More than 500 people turned out at a regional water quality hearing Monday to protest continued dumping of partially treated sewage in the Santa Monica Bay.
The Los Angeles Regional Water Control Board met at the State Building in downtown Los Angeles to hear final arguments from environmentalists opposing the city’s request for a waiver that would allow the city to continue pumping partially treated sewage and sludge into the bay.
The sewage and sludge is pumped from the Hyperion Sewage Treatment Plant in Playa del Rey after getting what is called primary treatment that removes about 60% to 70% of toxic wastes and heavy metals.
No decision is expected until early summer. The board’s staff workers are recommending approval of the city’s request for the exemption.
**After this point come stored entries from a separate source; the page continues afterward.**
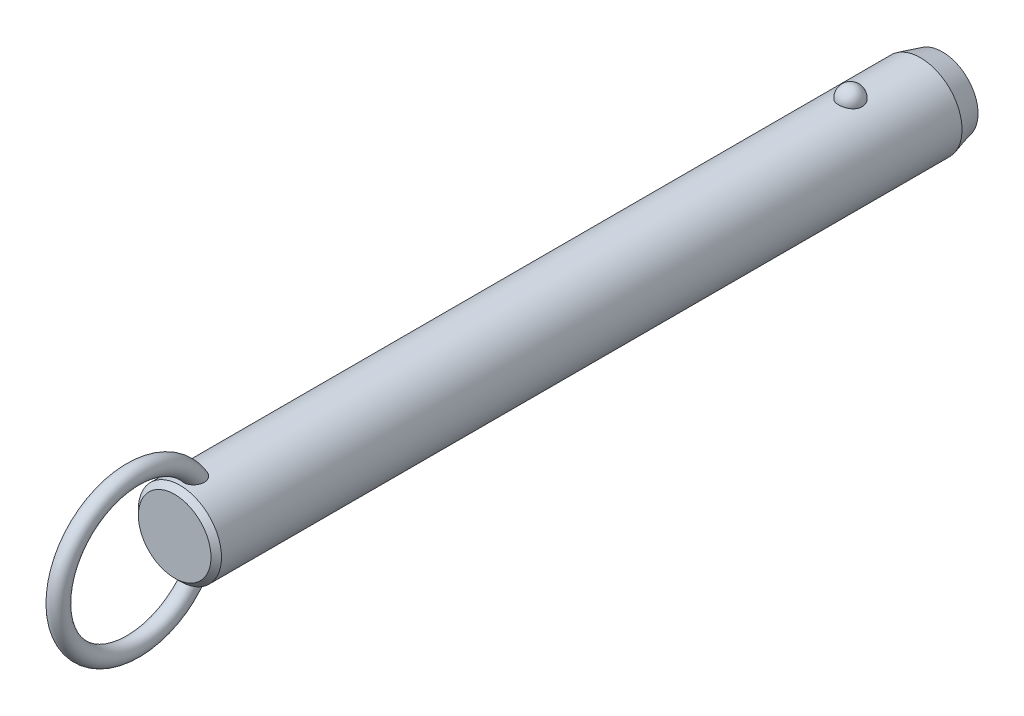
ISO-10303-21;
HEADER;
FILE_DESCRIPTION(('STEP AP214'),'2;1');
FILE_NAME('part.step','',(''),(''),'','','');
FILE_SCHEMA(('AUTOMOTIVE_DESIGN { 1 0 10303 214 1 1 1 1 }'));
ENDSEC;
DATA;
#1=APPLICATION_CONTEXT('core data for automotive mechanical design processes');
#2=APPLICATION_PROTOCOL_DEFINITION('international standard','automotive_design',2000,#1);
#3=PRODUCT_CONTEXT('',#1,'mechanical');
#4=PRODUCT('Part','Part','',(#3));
#5=PRODUCT_RELATED_PRODUCT_CATEGORY('part','',(#4));
#6=PRODUCT_DEFINITION_FORMATION('','',#4);
#7=PRODUCT_DEFINITION_CONTEXT('part definition',#1,'design');
#8=PRODUCT_DEFINITION('design','',#6,#7);
#9=PRODUCT_DEFINITION_SHAPE('','',#8);
#10=(LENGTH_UNIT() NAMED_UNIT(*) SI_UNIT(.MILLI.,.METRE.));
#11=(NAMED_UNIT(*) PLANE_ANGLE_UNIT() SI_UNIT($,.RADIAN.));
#12=(NAMED_UNIT(*) SI_UNIT($,.STERADIAN.) SOLID_ANGLE_UNIT());
#13=UNCERTAINTY_MEASURE_WITH_UNIT(LENGTH_MEASURE(1.E-05),#10,'distance_accuracy_value','');
#14=(GEOMETRIC_REPRESENTATION_CONTEXT(3) GLOBAL_UNCERTAINTY_ASSIGNED_CONTEXT((#13)) GLOBAL_UNIT_ASSIGNED_CONTEXT((#10,
#11,#12)) REPRESENTATION_CONTEXT('',''));
#15=CARTESIAN_POINT('',(0.,0.,0.));
#16=DIRECTION('',(0.,0.,1.));
#17=DIRECTION('',(1.,0.,0.));
#18=AXIS2_PLACEMENT_3D('',#15,#16,#17);
#19=CARTESIAN_POINT('',(0.,0.,142.2));
#20=DIRECTION('',(0.,0.,-1.));
#21=DIRECTION('',(-1.,0.,0.));
#22=AXIS2_PLACEMENT_3D('',#19,#20,#21);
#23=CYLINDRICAL_SURFACE('',#22,9.5);
#24=CARTESIAN_POINT('',(2.67259918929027,9.11631578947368,-2.70000000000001));
#25=CARTESIAN_POINT('',(2.6725968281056,9.11631786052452,-2.54909854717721));
#26=CARTESIAN_POINT('',(2.66030567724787,9.11994722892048,-2.39816735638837));
#27=CARTESIAN_POINT('',(2.6114347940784,9.13405924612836,-2.10058568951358));
#28=CARTESIAN_POINT('',(2.57484658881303,9.14454428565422,-1.95393672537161));
#29=CARTESIAN_POINT('',(2.47830875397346,9.17117631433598,-1.66916069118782));
#30=CARTESIAN_POINT('',(2.41836936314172,9.18732082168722,-1.53102991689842));
#31=CARTESIAN_POINT('',(2.27661331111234,9.22346780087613,-1.26705393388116));
#32=CARTESIAN_POINT('',(2.19479699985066,9.24347021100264,-1.14120852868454));
#33=CARTESIAN_POINT('',(2.01085282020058,9.28522401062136,-0.904632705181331));
#34=CARTESIAN_POINT('',(1.90862396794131,9.30698376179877,-0.793982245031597));
#35=CARTESIAN_POINT('',(1.6867437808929,9.34973971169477,-0.591607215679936));
#36=CARTESIAN_POINT('',(1.56709244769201,9.37073591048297,-0.499882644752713));
#37=CARTESIAN_POINT('',(1.31393976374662,9.40956370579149,-0.338167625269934));
#38=CARTESIAN_POINT('',(1.18048026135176,9.42740444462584,-0.268113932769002));
#39=CARTESIAN_POINT('',(0.903154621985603,9.45799906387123,-0.151390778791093));
#40=CARTESIAN_POINT('',(0.759289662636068,9.47075351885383,-0.104718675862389));
#41=CARTESIAN_POINT('',(0.468074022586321,9.48956256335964,-0.0367633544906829));
#42=CARTESIAN_POINT('',(0.320836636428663,9.49573643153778,-0.0150275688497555));
#43=CARTESIAN_POINT('',(0.0246714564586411,9.50112183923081,0.00396199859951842));
#44=CARTESIAN_POINT('',(-0.124256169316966,9.50033406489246,0.00121819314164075));
#45=CARTESIAN_POINT('',(-0.417264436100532,9.4919475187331,-0.0284441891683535));
#46=CARTESIAN_POINT('',(-0.56138413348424,9.48444885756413,-0.0550074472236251));
#47=CARTESIAN_POINT('',(-0.842986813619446,9.46357853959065,-0.131064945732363));
#48=CARTESIAN_POINT('',(-0.980469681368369,9.450206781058,-0.180559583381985));
#49=CARTESIAN_POINT('',(-1.24585005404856,9.41890822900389,-0.301476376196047));
#50=CARTESIAN_POINT('',(-1.37368611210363,9.40095498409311,-0.373026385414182));
#51=CARTESIAN_POINT('',(-1.61552738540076,9.36242964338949,-0.536025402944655));
#52=CARTESIAN_POINT('',(-1.72953116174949,9.34185727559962,-0.627476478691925));
#53=CARTESIAN_POINT('',(-1.9429225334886,9.29984568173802,-0.829844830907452));
#54=CARTESIAN_POINT('',(-2.04198021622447,9.27839736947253,-0.94110821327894));
#55=CARTESIAN_POINT('',(-2.22026460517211,9.23735994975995,-1.17883414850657));
#56=CARTESIAN_POINT('',(-2.29948985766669,9.21777097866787,-1.30529781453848));
#57=CARTESIAN_POINT('',(-2.43697287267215,9.18238994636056,-1.57158566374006));
#58=CARTESIAN_POINT('',(-2.49497068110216,9.16664569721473,-1.71155057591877));
#59=CARTESIAN_POINT('',(-2.5872073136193,9.14104303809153,-1.99961197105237));
#60=CARTESIAN_POINT('',(-2.62144683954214,9.13118445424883,-2.14770821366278));
#61=CARTESIAN_POINT('',(-2.66521466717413,9.11850622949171,-2.44715424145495));
#62=CARTESIAN_POINT('',(-2.67484831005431,9.11565658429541,-2.59848735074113));
#63=CARTESIAN_POINT('',(-2.66946735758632,9.11723375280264,-2.90067317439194));
#64=CARTESIAN_POINT('',(-2.65445345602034,9.12166036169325,-3.05152590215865));
#65=CARTESIAN_POINT('',(-2.60029711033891,9.13724422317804,-3.34766110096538));
#66=CARTESIAN_POINT('',(-2.56127978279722,9.14836656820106,-3.49296833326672));
#67=CARTESIAN_POINT('',(-2.46018844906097,9.17606676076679,-3.77477535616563));
#68=CARTESIAN_POINT('',(-2.39811349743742,9.1926448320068,-3.9112747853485));
#69=CARTESIAN_POINT('',(-2.25202303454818,9.22952198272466,-4.17244273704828));
#70=CARTESIAN_POINT('',(-2.16788714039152,9.24984129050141,-4.29704106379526));
#71=CARTESIAN_POINT('',(-1.9799408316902,9.29188255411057,-4.53013066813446));
#72=CARTESIAN_POINT('',(-1.87612963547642,9.31360456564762,-4.63862130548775));
#73=CARTESIAN_POINT('',(-1.65105429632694,9.35612959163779,-4.8369029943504));
#74=CARTESIAN_POINT('',(-1.52972405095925,9.37692871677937,-4.92661991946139));
#75=CARTESIAN_POINT('',(-1.27318250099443,9.41518970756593,-5.08429106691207));
#76=CARTESIAN_POINT('',(-1.13797219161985,9.432651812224,-5.15224684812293));
#77=CARTESIAN_POINT('',(-0.859280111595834,9.46208255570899,-5.26371827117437));
#78=CARTESIAN_POINT('',(-0.715925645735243,9.47411833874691,-5.30753421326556));
#79=CARTESIAN_POINT('',(-0.423550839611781,9.4916822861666,-5.37076321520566));
#80=CARTESIAN_POINT('',(-0.2745312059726,9.49721125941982,-5.39017930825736));
#81=CARTESIAN_POINT('',(0.0218446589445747,9.50110860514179,-5.40390587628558));
#82=CARTESIAN_POINT('',(0.16917707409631,9.49961381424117,-5.39869609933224));
#83=CARTESIAN_POINT('',(0.460808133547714,9.48993906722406,-5.36441955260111));
#84=CARTESIAN_POINT('',(0.605106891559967,9.48175936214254,-5.33535367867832));
#85=CARTESIAN_POINT('',(0.886027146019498,9.4596376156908,-5.25435587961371));
#86=CARTESIAN_POINT('',(1.02267710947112,9.44571881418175,-5.20251612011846));
#87=CARTESIAN_POINT('',(1.28523827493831,9.41358993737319,-5.07741549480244));
#88=CARTESIAN_POINT('',(1.41114877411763,9.39537958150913,-5.00415322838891));
#89=CARTESIAN_POINT('',(1.65085227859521,9.3562644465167,-4.83684599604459));
#90=CARTESIAN_POINT('',(1.76442346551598,9.33532178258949,-4.74249218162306));
#91=CARTESIAN_POINT('',(1.97425672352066,9.29321198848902,-4.53620389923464));
#92=CARTESIAN_POINT('',(2.07051582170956,9.27204482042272,-4.42426641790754));
#93=CARTESIAN_POINT('',(2.24490086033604,9.23139221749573,-4.18363183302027));
#94=CARTESIAN_POINT('',(2.32267019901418,9.21194380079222,-4.05466990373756));
#95=CARTESIAN_POINT('',(2.45584092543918,9.1773419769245,-3.78517836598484));
#96=CARTESIAN_POINT('',(2.5112497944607,9.16218713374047,-3.64465264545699));
#97=CARTESIAN_POINT('',(2.59380876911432,9.13913522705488,-3.37104301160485));
#98=CARTESIAN_POINT('',(2.62330266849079,9.13064624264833,-3.23871053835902));
#99=CARTESIAN_POINT('',(2.66269870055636,9.11923566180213,-2.97092664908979));
#100=CARTESIAN_POINT('',(2.67260130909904,9.11631393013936,-2.83547530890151));
#101=CARTESIAN_POINT('',(2.67259918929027,9.11631578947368,-2.70000000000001));
#102=B_SPLINE_CURVE_WITH_KNOTS('',3,(#24,#25,#26,#27,#28,#29,#30,#31,#32,#33,#34,#35,#36,#37,
#38,#39,#40,#41,#42,#43,#44,#45,#46,#47,#48,#49,#50,#51,#52,#53,#54,#55,#56,#57,#58,#59,#60,#61,
#62,#63,#64,#65,#66,#67,#68,#69,#70,#71,#72,#73,#74,#75,#76,#77,#78,#79,#80,#81,#82,#83,#84,#85,
#86,#87,#88,#89,#90,#91,#92,#93,#94,#95,#96,#97,#98,#99,#100,#101),.UNSPECIFIED.,.T.,.F.,(4,2,2,
2,2,2,2,2,2,2,2,2,2,2,2,2,2,2,2,2,2,2,2,2,2,2,2,2,2,2,2,2,2,2,2,2,2,2,4),(0.,0.452217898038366,
0.904593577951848,1.35677112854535,1.80894144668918,2.26340676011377,2.71787203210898,
3.17099820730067,3.62407318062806,4.0687883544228,4.51345969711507,4.95160616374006,
5.38976021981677,5.83050358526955,6.27129275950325,6.72071308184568,7.17016633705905,
7.62495278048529,8.07972578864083,8.53254856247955,8.98535859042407,9.43582813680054,
9.88631615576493,10.3393155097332,10.7923328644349,11.2471065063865,11.7018475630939,
12.150795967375,12.599688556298,13.0398725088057,13.4800399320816,13.9184421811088,
14.3568730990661,14.802202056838,15.2476074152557,15.7010097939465,16.1542603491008,
16.5602594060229,16.966248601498),.UNSPECIFIED.);
#103=CARTESIAN_POINT('',(2.67259918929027,9.11631578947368,-2.70000000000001));
#104=VERTEX_POINT('',#103);
#105=EDGE_CURVE('E41',#104,#104,#102,.T.);
#106=ORIENTED_EDGE('',*,*,#105,.T.);
#107=EDGE_LOOP('',(#106));
#108=FACE_BOUND('',#107,.T.);
#109=CARTESIAN_POINT('',(0.,0.,150.52));
#110=DIRECTION('',(0.,0.,1.));
#111=DIRECTION('',(1.,0.,0.));
#112=AXIS2_PLACEMENT_3D('',#109,#110,#111);
#113=CIRCLE('',#112,9.5);
#114=CARTESIAN_POINT('',(9.5,0.,150.52));
#115=VERTEX_POINT('',#114);
#116=EDGE_CURVE('E10',#115,#115,#113,.F.);
#117=ORIENTED_EDGE('',*,*,#116,.T.);
#118=EDGE_LOOP('',(#117));
#119=FACE_BOUND('',#118,.T.);
#120=CARTESIAN_POINT('',(-0.697062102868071,-9.47439269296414,144.867808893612));
#121=CARTESIAN_POINT('',(-0.799579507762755,-9.46685146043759,144.907482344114));
#122=CARTESIAN_POINT('',(-0.898575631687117,-9.45788043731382,144.9559309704));
#123=CARTESIAN_POINT('',(-1.08670047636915,-9.43811593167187,145.068868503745));
#124=CARTESIAN_POINT('',(-1.17583204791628,-9.42732297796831,145.133352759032));
#125=CARTESIAN_POINT('',(-1.34179806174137,-9.40513672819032,145.276209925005));
#126=CARTESIAN_POINT('',(-1.41865133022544,-9.39374438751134,145.354561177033));
#127=CARTESIAN_POINT('',(-1.55860047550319,-9.37154196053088,145.522752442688));
#128=CARTESIAN_POINT('',(-1.62169476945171,-9.3607319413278,145.61259377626));
#129=CARTESIAN_POINT('',(-1.73527695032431,-9.34035749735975,145.804500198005));
#130=CARTESIAN_POINT('',(-1.78522266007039,-9.33085270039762,145.906891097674));
#131=CARTESIAN_POINT('',(-1.86924997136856,-9.3143834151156,146.118148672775));
#132=CARTESIAN_POINT('',(-1.90332570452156,-9.30741986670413,146.227017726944));
#133=CARTESIAN_POINT('',(-1.95893603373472,-9.29588482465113,146.460473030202));
#134=CARTESIAN_POINT('',(-1.97872420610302,-9.29165182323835,146.585489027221));
#135=CARTESIAN_POINT('',(-2.00062129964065,-9.28695978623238,146.837080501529));
#136=CARTESIAN_POINT('',(-2.00272284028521,-9.28650232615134,146.963656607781));
#137=CARTESIAN_POINT('',(-1.98958876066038,-9.28932750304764,147.236815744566));
#138=CARTESIAN_POINT('',(-1.97143366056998,-9.2932400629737,147.383251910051));
#139=CARTESIAN_POINT('',(-1.91479925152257,-9.30507151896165,147.672062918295));
#140=CARTESIAN_POINT('',(-1.87629122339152,-9.31299607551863,147.814431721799));
#141=CARTESIAN_POINT('',(-1.77225683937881,-9.33340232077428,148.115172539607));
#142=CARTESIAN_POINT('',(-1.70334898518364,-9.34641636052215,148.272369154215));
#143=CARTESIAN_POINT('',(-1.58111062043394,-9.36759153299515,148.497517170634));
#144=CARTESIAN_POINT('',(-1.53721459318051,-9.37492619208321,148.570796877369));
#145=CARTESIAN_POINT('',(-1.4430263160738,-9.38988566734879,148.71307405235));
#146=CARTESIAN_POINT('',(-1.39273721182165,-9.39751033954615,148.782073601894));
#147=CARTESIAN_POINT('',(-1.26775962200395,-9.41530678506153,148.936983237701));
#148=CARTESIAN_POINT('',(-1.19052326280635,-9.42548108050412,149.020871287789));
#149=CARTESIAN_POINT('',(-1.02420241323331,-9.44499825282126,149.176008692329));
#150=CARTESIAN_POINT('',(-0.93513986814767,-9.45434261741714,149.247280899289));
#151=CARTESIAN_POINT('',(-0.766610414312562,-9.46930670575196,149.358695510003));
#152=CARTESIAN_POINT('',(-0.689439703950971,-9.47529223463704,149.402235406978));
#153=CARTESIAN_POINT('',(-0.528942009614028,-9.48560294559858,149.47631336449));
#154=CARTESIAN_POINT('',(-0.445620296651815,-9.48992953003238,149.506862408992));
#155=CARTESIAN_POINT('',(-0.273901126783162,-9.49644161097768,149.552579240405));
#156=CARTESIAN_POINT('',(-0.18546574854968,-9.49860811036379,149.56761059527));
#157=CARTESIAN_POINT('',(-0.00734541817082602,-9.5004135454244,149.580149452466));
#158=CARTESIAN_POINT('',(0.0823387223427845,-9.50005405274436,149.577667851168));
#159=CARTESIAN_POINT('',(0.24767927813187,-9.49708301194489,149.556995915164));
#160=CARTESIAN_POINT('',(0.323620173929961,-9.49477609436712,149.540930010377));
#161=CARTESIAN_POINT('',(0.471981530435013,-9.48855917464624,149.497172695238));
#162=CARTESIAN_POINT('',(0.544400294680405,-9.48464840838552,149.469475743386));
#163=CARTESIAN_POINT('',(0.708947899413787,-9.47398336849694,149.39280266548));
#164=CARTESIAN_POINT('',(0.799149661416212,-9.46671310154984,149.339774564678));
#165=CARTESIAN_POINT('',(0.969783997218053,-9.45076225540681,149.219973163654));
#166=CARTESIAN_POINT('',(1.050194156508,-9.44207854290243,149.153169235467));
#167=CARTESIAN_POINT('',(1.23092343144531,-9.42051459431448,148.980759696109));
#168=CARTESIAN_POINT('',(1.32652499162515,-9.40733378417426,148.87026193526));
#169=CARTESIAN_POINT('',(1.49893121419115,-9.38140745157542,148.635561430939));
#170=CARTESIAN_POINT('',(1.5757161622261,-9.36866239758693,148.511344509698));
#171=CARTESIAN_POINT('',(1.71285426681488,-9.34457644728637,148.249389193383));
#172=CARTESIAN_POINT('',(1.77266365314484,-9.33328726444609,148.11136233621));
#173=CARTESIAN_POINT('',(1.87239208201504,-9.31379209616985,147.828051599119));
#174=CARTESIAN_POINT('',(1.91230158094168,-9.3055875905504,147.682764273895));
#175=CARTESIAN_POINT('',(1.97604189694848,-9.29228394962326,147.362028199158));
#176=CARTESIAN_POINT('',(1.9958743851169,-9.28797202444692,147.185724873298));
#177=CARTESIAN_POINT('',(2.0029570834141,-9.28645519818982,146.832414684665));
#178=CARTESIAN_POINT('',(1.99025930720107,-9.28923895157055,146.655409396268));
#179=CARTESIAN_POINT('',(1.93735479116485,-9.30038134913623,146.356338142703));
#180=CARTESIAN_POINT('',(1.90576827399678,-9.30697680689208,146.232667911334));
#181=CARTESIAN_POINT('',(1.8228748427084,-9.32356855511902,145.992329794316));
#182=CARTESIAN_POINT('',(1.77158213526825,-9.33356239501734,145.875656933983));
#183=CARTESIAN_POINT('',(1.64885744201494,-9.35602275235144,145.652706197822));
#184=CARTESIAN_POINT('',(1.57730995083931,-9.36850332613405,145.546492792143));
#185=CARTESIAN_POINT('',(1.41543264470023,-9.39431873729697,145.349553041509));
#186=CARTESIAN_POINT('',(1.32510883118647,-9.40765330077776,145.258821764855));
#187=CARTESIAN_POINT('',(1.13846223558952,-9.43195720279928,145.105033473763));
#188=CARTESIAN_POINT('',(1.04369890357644,-9.44302894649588,145.040094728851));
#189=CARTESIAN_POINT('',(0.843965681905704,-9.46296805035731,144.928038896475));
#190=CARTESIAN_POINT('',(0.739000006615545,-9.47183631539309,144.880914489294));
#191=CARTESIAN_POINT('',(0.528175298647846,-9.48586140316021,144.808117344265));
#192=CARTESIAN_POINT('',(0.422686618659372,-9.49119633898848,144.78140249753));
#193=CARTESIAN_POINT('',(0.208590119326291,-9.49831365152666,144.746013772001));
#194=CARTESIAN_POINT('',(0.0999817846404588,-9.500095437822,144.737342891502));
#195=CARTESIAN_POINT('',(-0.126104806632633,-9.49988861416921,144.738350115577));
#196=CARTESIAN_POINT('',(-0.243578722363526,-9.49757821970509,144.749594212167));
#197=CARTESIAN_POINT('',(-0.474390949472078,-9.48885165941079,144.793167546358));
#198=CARTESIAN_POINT('',(-0.587729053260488,-9.48243528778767,144.825497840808));
#199=CARTESIAN_POINT('',(-0.697062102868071,-9.47439269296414,144.867808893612));
#200=B_SPLINE_CURVE_WITH_KNOTS('',3,(#120,#121,#122,#123,#124,#125,#126,#127,#128,#129,#130,
#131,#132,#133,#134,#135,#136,#137,#138,#139,#140,#141,#142,#143,#144,#145,#146,#147,#148,#149,
#150,#151,#152,#153,#154,#155,#156,#157,#158,#159,#160,#161,#162,#163,#164,#165,#166,#167,#168,
#169,#170,#171,#172,#173,#174,#175,#176,#177,#178,#179,#180,#181,#182,#183,#184,#185,#186,#187,
#188,#189,#190,#191,#192,#193,#194,#195,#196,#197,#198,#199),.UNSPECIFIED.,.T.,.F.,(4,2,2,2,2,2,
2,2,2,2,2,2,2,2,2,2,2,2,2,2,2,2,2,2,2,2,2,2,2,2,2,2,2,2,2,2,2,2,2,4),(0.,0.330119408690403,
0.660143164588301,0.989655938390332,1.31920659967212,1.66074728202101,2.00241415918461,
2.38088696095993,2.75951768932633,3.20065679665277,3.64242004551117,4.15620996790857,
4.4131416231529,4.66994734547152,5.01228664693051,5.35399933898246,5.61943037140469,
5.88463652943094,6.15215502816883,6.4195070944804,6.65144391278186,6.88349136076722,
7.19641200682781,7.51003602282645,7.94779711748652,8.3860149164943,8.83699707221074,
9.28819530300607,9.81778662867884,10.34653170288,10.7284172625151,11.1100280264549,
11.4938603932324,11.8775702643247,12.2220189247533,12.5663259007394,12.8915939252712,
13.2169159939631,13.5689650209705,13.9210316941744),.UNSPECIFIED.);
#201=CARTESIAN_POINT('',(-0.697062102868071,-9.47439269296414,144.867808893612));
#202=VERTEX_POINT('',#201);
#203=EDGE_CURVE('E59',#202,#202,#200,.T.);
#204=ORIENTED_EDGE('',*,*,#203,.T.);
#205=EDGE_LOOP('',(#204));
#206=FACE_BOUND('',#205,.T.);
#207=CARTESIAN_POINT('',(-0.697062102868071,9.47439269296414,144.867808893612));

The city’s bid for such a waiver was tentatively approved by the Environmental Protection Agency in 1981. The regional water board’s approval was considered the last major hurdle to getting the waiver.
500 Crowd Hearing
About 500 people from a group called the Coalition to Stop Dumping Sewage into the Ocean and others opposing the waiver crowded into the hearing Monday to voice their opposition to the city’s application.
Carla Bard, a former state water quality official, told the board that there was a great deal of information against granting the waiver during the Carter Administration when the application was made by the city in 1977. She said data about the effects of sewage pumping was changed during the Reagan Administration by Ann Gorsuch Burford before she was forced to resign as EPA administrator in 1983.
“In view of the two conflicting EPA reviews, you will wish to remove any taint remaining from the Gorsuch decision,” Bard told board members.
Hyperion, which handles 420 million gallons of sewage daily, gives secondary treatment to only about 25% of the effluent. City officials want a waiver to avoid federal standards that would eventually require secondary treatment of all the sewage.
City officials say they want the waiver because they are planning a $180 million construction project so that Hyperion can meet standards of the California Ocean Plan approved in 1983. They say providing full secondary sewage treatment would add another $155 million in costs and provide only marginal improvement in quality of the sewage discharged.
Dr. Rimmon Fay, a marine biologist and former member of the state Coastal Commission, argued the sewage discharge has harmed the environment.
“What you don’t see anymore are large quantities of baby fish,” he said. “You don’t see the beds of shellfish, the lobsters, the abalone that were present here before.”
Fay’s views are challenged by Willard Bascom, director of the Coastal Water Research Project, an organization partly funded by the city, which has monitored the bay for 15 years.
Bascom said his studies have shown no damaging effects on marine animals even if underwater conditions have been contaminated near the Hyperion discharge lines in the bay.